Hey all! I'm surprised that no one has talked about the water temps on the Au Sable. I haven't been up in a month or so but i'm assuming with all the hot weather, the water temps have to be getting close to that dreaded 70 degree mark. Just wondering if anyone has any info on current temps or what the outlook is if we continue to have this hot weather.


----------



## Fishndude (Feb 22, 2003)

At Mio the temp is down to 73*, from 76*. Probably headed back up with the hot weather we will have today and tomorrow. In Oscoda the temp had been ranging from 77* - 78*. Kind of hot for Trouties, right now. :yikes:


----------



## michigan made (Dec 13, 2011)

Thats about what i assumed. hope people are laying off the fish. no need to stress them out. they will still be there when the temps come back down. i myself wont fish water over 70 degrees.


----------



## Fishndude (Feb 22, 2003)

michigan made said:


> Thats about what i assumed. hope people are laying off the fish. no need to stress them out. they will still be there when the temps come back down. i myself wont fish water over 70 degrees.


http://www.70degreepledge.org/


----------



## kzoofisher (Mar 6, 2011)

Fishndude said:


> http://www.70degreepledge.org/


This is a great site and the pledge applies to lots of places, not just the Mio stretch. Even up to Parmalee the water can get quite warm and in the stretches below dams on the Big Man and Mo as well. The upper reaches are still in good shape. In fact, I caught a couple of high teens browns and a bunch of lower double digit fish this weekend on the Holy Waters.

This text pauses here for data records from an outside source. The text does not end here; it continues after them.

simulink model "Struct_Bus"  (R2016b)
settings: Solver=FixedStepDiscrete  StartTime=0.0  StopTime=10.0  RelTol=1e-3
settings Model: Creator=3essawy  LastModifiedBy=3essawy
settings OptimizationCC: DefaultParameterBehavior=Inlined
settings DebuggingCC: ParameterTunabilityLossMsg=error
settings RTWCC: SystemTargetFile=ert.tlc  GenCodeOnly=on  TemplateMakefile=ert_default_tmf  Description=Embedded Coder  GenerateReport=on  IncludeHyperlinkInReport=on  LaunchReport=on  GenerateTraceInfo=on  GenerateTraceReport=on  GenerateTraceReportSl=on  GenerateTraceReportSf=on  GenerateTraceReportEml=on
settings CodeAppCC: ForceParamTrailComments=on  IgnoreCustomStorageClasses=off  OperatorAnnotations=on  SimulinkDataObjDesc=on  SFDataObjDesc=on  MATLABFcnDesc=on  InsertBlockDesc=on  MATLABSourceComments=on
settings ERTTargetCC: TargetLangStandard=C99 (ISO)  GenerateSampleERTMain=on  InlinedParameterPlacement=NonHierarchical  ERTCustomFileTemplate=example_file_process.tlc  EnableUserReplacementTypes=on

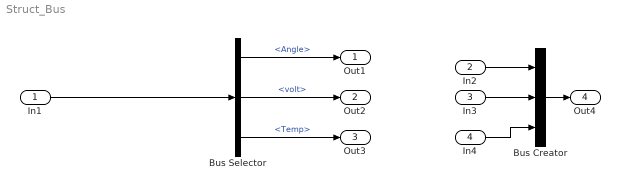
== system Struct_Bus ==
  In1 : Inport  OutDataTypeStr=Bus: Fault_t
  In2 : Inport  Port=2  OutDataTypeStr=uint8
  In3 : Inport  Port=3  OutDataTypeStr=uint8
  In4 : Inport  Port=4  OutDataTypeStr=uint8
  Bus Creator : BusCreator  Inputs=3
  Bus Selector : BusSelector  OutputSignals=Angle,volt,Temp
  Out1 : Outport
  Out2 : Outport  Port=2
  Out3 : Outport  Port=3
  Out4 : Outport  Port=4  OutDataTypeStr=Bus: Fault_t
  wires:
  In1/1 -> Bus Selector/1
  Bus Selector/1 -> Out1/1  "<Angle>"
  Bus Selector/2 -> Out2/1  "<volt>"
  Bus Selector/3 -> Out3/1  "<Temp>"
  In2/1 -> Bus Creator/1
  In3/1 -> Bus Creator/2
  In4/1 -> Bus Creator/3
  Bus Creator/1 -> Out4/1

The crowds are gone and you can really work the nice cover early and late, The water is low and clear though so stealth is a must.


----------



## Milacey (Feb 7, 2010)

South Branch was 64 degrees last night.Buddy and I caught and released 2-18 in. and 1-19 in. Browns last night.Lost a couple of bigger fish also throwing a mouse. Fun night!


----------



## michigan made (Dec 13, 2011)

kzoofisher said:


> This is a great site and the pledge applies to lots of places, not just the Mio stretch. Even up to Parmalee the water can get quite warm and in the stretches below dams on the Big Man and Mo as well. The upper reaches are still in good shape. In fact, I caught a couple of high teens browns and a bunch of lower double digit fish this weekend on the Holy Waters. The crowds are gone and you can really work the nice cover early and late, The water is low and clear though so stealth is a must.


i've signed that. its a good thing for the fish! wish i lived closer. the wife and i are planning on moving in the next year or so. CANT WAIT!


----------



## Fishndude (Feb 22, 2003)

This guy makes his living putting people on fish. He knows the deal when the water gets low and warm. He just changes m.o. and goes after something other than Trout for a bit. Why would he want to harm his source of income? Why would anyone want to harm a fishery just to be able to fish during hot weather?

http://michiganstreamside.com/report_ausable_bass.htm


----------



## michigan made (Dec 13, 2011)

Fishndude said:


> This guy makes his living putting people on fish. He knows the deal when the water gets low and warm. He just changes m.o. and goes after something other than Trout for a bit. Why would he want to harm his source of income? Why would anyone want to harm a fishery just to be able to fish during hot weather?
> 
> http://michiganstreamside.com/report_ausable_bass.htm


I went guided with a guy by the name of Mike Batchelder earlier this spring. This guy was FANTASTIC! we had a great time and he put us on the fish. he also switches to smallies in the warmer months. good to see people doing whats best for the fish.


----------



## lewisg (Jun 28, 2006)

Try the following links for current conditions:

AU SABLE RIVER NEAR RED OAK, MI .... Second graph down 

AU SABLE RIVER AT MIO, MI ..... Third graph down

AU SABLE RIVER NEAR CURTISVILLE, MI ..... Third graph down


----------



## michigan made (Dec 13, 2011)

actually mike is on that site too! cool stuff!


----------



## beer and nuts (Jan 2, 2001)

Holy temp gauge...you sure it reads right...64 degrees at the July 15th mark onthe south branch?? Thats a tad cool from anywhere I've been feeling and seeing above Chase Bridge. Just sayin..


----------



## kzoofisher (Mar 6, 2011)

beer and nuts said:


> Holy temp gauge...you sure it reads right...64 degrees at the July 15th mark onthe south branch?? Thats a tad cool from anywhere I've been feeling and seeing above Chase Bridge. Just sayin..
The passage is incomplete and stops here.